» TO DO:
Reproduce exactly the lines of the material beneath, from the line that contains "normal blind 3.175" to the line that contains "(-6.35, 1.5875, 14.5497)", both included, and no other lines.

──────── SOURCE MATERIAL ────────

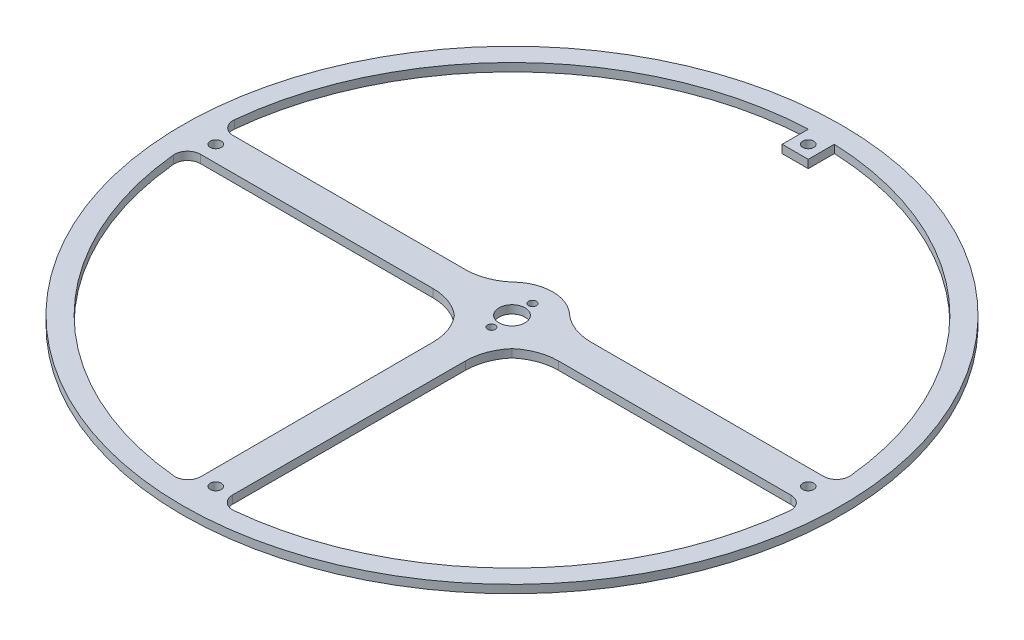
SolidWorks part; units mm, degrees
ref_plane "Front Plane" through (0, 0, 0) normal (0, 0, 1) x (1, 0, 0)
ref_plane "Top Plane" through (0, 0, 0) normal (0, 1, 0) x (1, 0, 0)
ref_plane "Right Plane" through (0, 0, 0) normal (1, 0, 0) x (0, 0, -1)
sketch "Sketch1" plane through (0, 0, 0) normal (0, 1, 0) x (1, 0, 0)
  line L0 (-14.5497, 6.35) -> (-120.6405, 6.35)
  line L1 (120.6405, -6.35) -> (14.5497, -6.35)
  line L3 (120.6405, 6.35) -> (14.5497, 6.35)
  line L12 (6.35, -14.5497) -> (6.171, -120.6498)
  line L13 (-6.35, -14.5497) -> (-6.171, -120.6498)
  line L14 (-14.5497, -6.35) -> (-120.6405, -6.35)
  line L18 (-5.08, 120.7006) -> (-5.08, 110.4973)
  line L19 (-5.08, 110.4973) -> (5.08, 110.4973)
  line L20 (5.08, 120.7006) -> (5.08, 110.4973)
  arc A2 (14.5497, 6.35) -> (-14.5497, 6.35) centre (0, 0) ccw
  arc A3 (-14.5497, -6.35) -> (-6.35, -14.5497) centre (0, 0) ccw
  arc A4 (6.35, -14.5497) -> (14.5497, -6.35) centre (0, 0) ccw
  arc A5 (-120.6405, -6.35) -> (-6.171, -120.6498) centre (0, 0) ccw
  arc A6 (6.171, -120.6498) -> (120.6405, -6.35) centre (0, 0) ccw
  arc A7 (120.6405, 6.35) -> (5.08, 120.7006) centre (0, 0) ccw
  arc A8 (-5.08, 120.7006) -> (-120.6405, 6.35) centre (0, 0) ccw
  point P0 (0, 0)
  point P20 (6.0209, 120.6573)
  dimension "D5" = 31.75
sketch "Screw holes" plane through (0, 0, 0) normal (0, 1, 0) x (1, 0, 0)
  circle A0 centre (0, 8) radius 1.5133
  circle A1 centre (0, -8) radius 1.5133
  circle A2 centre (0, 0) radius 5.08
  dimension "D1" = 16
  dimension "D3" = 3.0266
  dimension "D4" = 10.16
  dimension "D2" = 8
sketch "Sketch4" plane through (0, 0, 0) normal (0, 1, 0) x (1, 0, 0)
  circle A0 centre (0, 0) radius 128.5748
extrude "Boss-Extrude1" add sketch "Sketch4" along normal blind 3.175
extrude "Cut-Extrude2" cut sketch "Sketch1" along normal through all
sketch "Sketch5" plane through (0, 0, 0) normal (0, 1, 0) x (1, 0, 0)
  line L0 (5.08, 110.4973) -> (-5.08, 110.4973) construction
  circle A0 centre (0, 115.5773) radius 2.159
  dimension "D1" = 5.08
  dimension "D2" = 115.5773
extrude "Cut-Extrude3" cut sketch "Sketch5" along normal through all
extrude "middle holes" cut sketch "Screw holes" along normal through all
fillet "Filletmiddle" radius 20.32 6 edges at (14.5497, 1.5875, -6.35) (-14.5497, 1.5875, -6.35) (14.5497, 1.5875, 6.35) (6.35, 1.5875, 14.5497) (-14.5497, 1.5875, 6.35) (-6.35, 1.5875, 14.5497)
fillet "Filletsides" radius 5.08 6 edges at (120.6405, 1.5875, 6.35) (120.6405, 1.5875, -6.35) (-6.171, 1.5875, 120.6498) (6.171, 1.5875, 120.6498) (-120.6405, 1.5875, 6.35) (-120.6405, 1.5875, -6.35)
sketch "Sketch6" plane through (0, 0, 0) normal (0, 1, 0) x (1, 0, 0)
  circle A0 centre (-115.5776, 0) radius 2.159
  circle A1 centre (0, -115.5776) radius 2.159
  circle A2 centre (115.5776, 0) radius 2.159
  dimension "D1" = 115.5776
  dimension "D2" = 115.5776
  dimension "D3" = 115.5776
extrude "Cut-Extrude5" cut sketch "Sketch6" along normal through all

────────

» EXERCISE SOLUTION:
extrude "Boss-Extrude1" add sketch "Sketch4" along normal blind 3.175
extrude "Cut-Extrude2" cut sketch "Sketch1" along normal through all
sketch "Sketch5" plane through (0, 0, 0) normal (0, 1, 0) x (1, 0, 0)
  line L0 (5.08, 110.4973) -> (-5.08, 110.4973) construction
  circle A0 centre (0, 115.5773) radius 2.159
  dimension "D1" = 5.08
  dimension "D2" = 115.5773
extrude "Cut-Extrude3" cut sketch "Sketch5" along normal through all
extrude "middle holes" cut sketch "Screw holes" along normal through all
fillet "Filletmiddle" radius 20.32 6 edges at (14.5497, 1.5875, -6.35) (-14.5497, 1.5875, -6.35) (14.5497, 1.5875, 6.35) (6.35, 1.5875, 14.5497) (-14.5497, 1.5875, 6.35) (-6.35, 1.5875, 14.5497)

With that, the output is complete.